In 2010, I thought about the iPad right before its release:

“I’m working on 2 apps for the iPad. The first is just a minor iPad refresh of an existing iPhone app at VitalSource called Bookshelf Noteview (iTunes link). It’s for reading notes and highlights synced from our e-book platform.”

Noteview was eventually removed from sale. The other app I hinted at would become Tweet Library.

Around the same time, I blogged about Mac OS X as a server platform:

“At VitalSource we now have a dozen Xserves running Ruby on Rails and a couple others running MySQL. While it’s mostly stable now, over the years there have been several mystery show-stopper problems that no one seems to have on other platforms.”

Obviously Apple no longer sells the Xserve. At VitalSource all our best new servers run Linux.

Also in 2010, I reflected on how a team grows:

“If you’re working by yourself and add another person to the project, a funny thing happens: you become a manager. Before, you could spend 100% of your time on the work. Now you can allocate 50-75%, because you’re getting the new programmer up to speed, answering questions, and setting priorities. If you’re lucky (and I usually am), the person you added is contributing so much that it easily makes up for your loss in productivity, and then some.”

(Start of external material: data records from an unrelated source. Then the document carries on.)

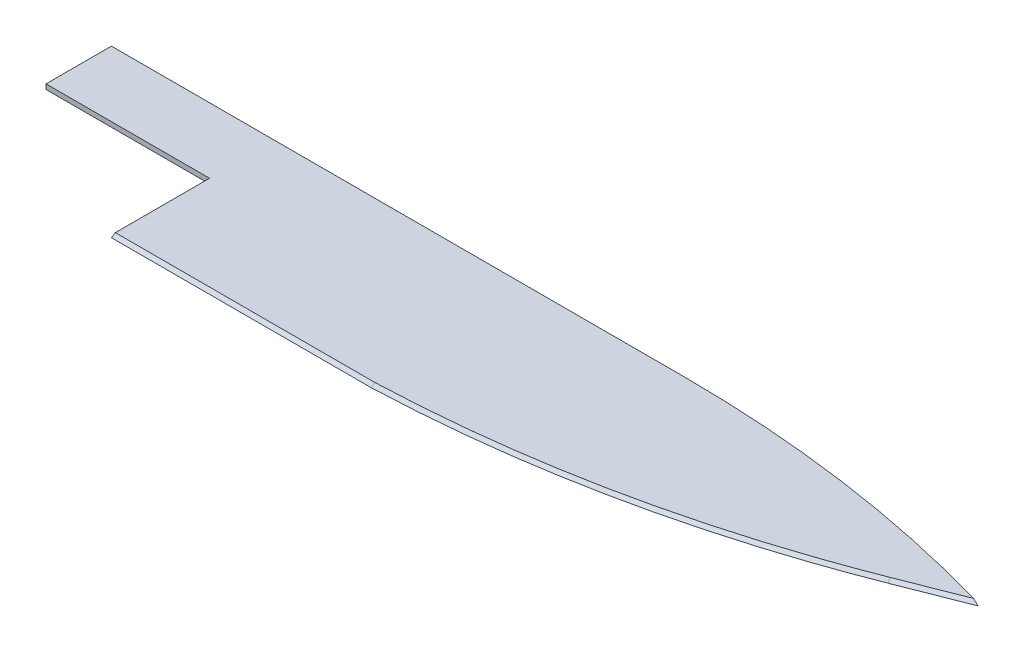
ISO-10303-21;
HEADER;
FILE_DESCRIPTION(('STEP AP214'),'2;1');
FILE_NAME('part.step','',(''),(''),'','','');
FILE_SCHEMA(('AUTOMOTIVE_DESIGN { 1 0 10303 214 1 1 1 1 }'));
ENDSEC;
DATA;
#1=APPLICATION_CONTEXT('core data for automotive mechanical design processes');
#2=APPLICATION_PROTOCOL_DEFINITION('international standard','automotive_design',2000,#1);
#3=PRODUCT_CONTEXT('',#1,'mechanical');
#4=PRODUCT('Part','Part','',(#3));
#5=PRODUCT_RELATED_PRODUCT_CATEGORY('part','',(#4));
#6=PRODUCT_DEFINITION_FORMATION('','',#4);
#7=PRODUCT_DEFINITION_CONTEXT('part definition',#1,'design');
#8=PRODUCT_DEFINITION('design','',#6,#7);
#9=PRODUCT_DEFINITION_SHAPE('','',#8);
#10=(LENGTH_UNIT() NAMED_UNIT(*) SI_UNIT(.MILLI.,.METRE.));
#11=(NAMED_UNIT(*) PLANE_ANGLE_UNIT() SI_UNIT($,.RADIAN.));
#12=(NAMED_UNIT(*) SI_UNIT($,.STERADIAN.) SOLID_ANGLE_UNIT());
#13=UNCERTAINTY_MEASURE_WITH_UNIT(LENGTH_MEASURE(1.E-05),#10,'distance_accuracy_value','');
#14=(GEOMETRIC_REPRESENTATION_CONTEXT(3) GLOBAL_UNCERTAINTY_ASSIGNED_CONTEXT((#13)) GLOBAL_UNIT_ASSIGNED_CONTEXT((#10,
#11,#12)) REPRESENTATION_CONTEXT('',''));
#15=CARTESIAN_POINT('',(0.,0.,0.));
#16=DIRECTION('',(0.,0.,1.));
#17=DIRECTION('',(1.,0.,0.));
#18=AXIS2_PLACEMENT_3D('',#15,#16,#17);
#19=CARTESIAN_POINT('',(64.3693837258981,0.,-349.715507265669));
#20=DIRECTION('',(0.,-1.,0.));
#21=DIRECTION('',(0.,0.,-1.));
#22=AXIS2_PLACEMENT_3D('',#19,#20,#21);
#23=PLANE('',#22);
#24=CARTESIAN_POINT('',(79.4302927640487,0.,48.8));
#25=CARTESIAN_POINT('',(91.8798427280316,0.,48.3302075818026));
#26=CARTESIAN_POINT('',(116.791222145986,0.,46.211286330398));
#27=CARTESIAN_POINT('',(160.715080879487,0.,38.2912391443894));
#28=CARTESIAN_POINT('',(191.538009217592,0.,28.7733382688752));
#29=CARTESIAN_POINT('',(209.790034488855,0.,21.6256759226194));
#30=B_SPLINE_CURVE_WITH_KNOTS('',3,(#24,#25,#26,#27,#28,#29),.UNSPECIFIED.,.F.,.F.,(4,1,1,4),
(0.,0.279630349358407,0.560257562786035,1.),.UNSPECIFIED.);
#31=CARTESIAN_POINT('',(79.4302927640487,0.,48.8));
#32=VERTEX_POINT('',#31);
#33=CARTESIAN_POINT('',(209.790034488855,0.,21.6256759226194));
#34=VERTEX_POINT('',#33);
#35=EDGE_CURVE('E140',#32,#34,#30,.T.);
#36=ORIENTED_EDGE('',*,*,#35,.F.);
#37=DIRECTION('',(-1.,0.,0.));
#38=VECTOR('',#37,1.);
#39=CARTESIAN_POINT('',(81.8148681108037,0.,48.8));
#40=LINE('',#39,#38);
#41=CARTESIAN_POINT('',(0.,0.,48.8));
#42=VERTEX_POINT('',#41);
#43=EDGE_CURVE('E166',#32,#42,#40,.T.);
#44=ORIENTED_EDGE('',*,*,#43,.T.);
#45=DIRECTION('',(0.,0.,1.));
#46=VECTOR('',#45,1.);
#47=CARTESIAN_POINT('',(0.,0.,50.));
#48=LINE('',#47,#46);
#49=CARTESIAN_POINT('',(0.,0.,20.));
#50=VERTEX_POINT('',#49);
#51=EDGE_CURVE('E201',#50,#42,#48,.T.);
#52=ORIENTED_EDGE('',*,*,#51,.F.);
#53=DIRECTION('',(1.,0.,0.));
#54=VECTOR('',#53,1.);
#55=CARTESIAN_POINT('',(-50.,0.,20.));
#56=LINE('',#55,#54);
#57=CARTESIAN_POINT('',(-50.,0.,20.));
#58=VERTEX_POINT('',#57);
#59=EDGE_CURVE('E220',#58,#50,#56,.T.);
#60=ORIENTED_EDGE('',*,*,#59,.F.);
#61=DIRECTION('',(0.,0.,1.));
#62=VECTOR('',#61,1.);
#63=CARTESIAN_POINT('',(-50.,0.,0.));
#64=LINE('',#63,#62);
#65=CARTESIAN_POINT('',(-50.,0.,0.));
#66=VERTEX_POINT('',#65);
#67=EDGE_CURVE('E187',#66,#58,#64,.T.);
#68=ORIENTED_EDGE('',*,*,#67,.F.);
#69=DIRECTION('',(-1.,0.,0.));
#70=VECTOR('',#69,1.);
#71=CARTESIAN_POINT('',(0.,0.,0.));
#72=LINE('',#71,#70);
#73=CARTESIAN_POINT('',(124.795351072606,0.,0.));
#74=VERTEX_POINT('',#73);
#75=EDGE_CURVE('E190',#74,#66,#72,.T.);
#76=ORIENTED_EDGE('',*,*,#75,.F.);
#77=CARTESIAN_POINT('',(124.795351072606,0.,376.433938531205));
#78=DIRECTION('',(0.,1.,0.));
#79=DIRECTION('',(0.,0.,-1.));
#80=AXIS2_PLACEMENT_3D('',#77,#78,#79);
#81=CIRCLE('',#80,376.433938531205);
#82=CARTESIAN_POINT('',(228.104370232939,0.,14.4536122174051));
#83=VERTEX_POINT('',#82);
#84=EDGE_CURVE('E86',#83,#74,#81,.T.);
#85=ORIENTED_EDGE('',*,*,#84,.F.);
#86=DIRECTION('',(0.931146397162208,0.,-0.364645563598186));
#87=VECTOR('',#86,1.);
#88=CARTESIAN_POINT('',(209.790034488855,0.,21.6256759226194));
#89=LINE('',#88,#87);
#90=EDGE_CURVE('E131',#34,#83,#89,.T.);
#91=ORIENTED_EDGE('',*,*,#90,.F.);
#92=EDGE_LOOP('',(#36,#44,#52,#60,#68,#76,#85,#91));
#93=FACE_BOUND('',#92,.T.);
#94=ADVANCED_FACE('F37',(#93),#23,.T.);
#95=CARTESIAN_POINT('',(-50.,1.5,0.));
#96=DIRECTION('',(1.,0.,0.));
#97=DIRECTION('',(0.,0.,-1.));
#98=AXIS2_PLACEMENT_3D('',#95,#96,#97);
#99=PLANE('',#98);
#100=ORIENTED_EDGE('',*,*,#67,.T.);
#101=DIRECTION('',(0.,-1.,0.));
#102=VECTOR('',#101,1.);
#103=CARTESIAN_POINT('',(-50.,1.5,20.));
#104=LINE('',#103,#102);
#105=CARTESIAN_POINT('',(-50.,1.5,20.));
#106=VERTEX_POINT('',#105);
#107=EDGE_CURVE('E46',#106,#58,#104,.T.);
#108=ORIENTED_EDGE('',*,*,#107,.F.);
#109=DIRECTION('',(0.,0.,1.));
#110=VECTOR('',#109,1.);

Later in 2010, I described how we shipped Bookshelf for iPhone:

“At its core the app is 3 parts: a large C++ codebase, brand new Objective-C UI code, and a bunch of clever WebKit and JavaScript work. In many ways it’s a more difficult project than my other iPad app (still in development), but some great coders contributed to different parts of the architecture, before and after I joined the project.”

There are other posts, but I think these hit some of the more interesting milestones in the last 13 years. I also have an archive of earlier, company-internal blog posts, starting in 2001, that I hope to look into and publish pieces from one day.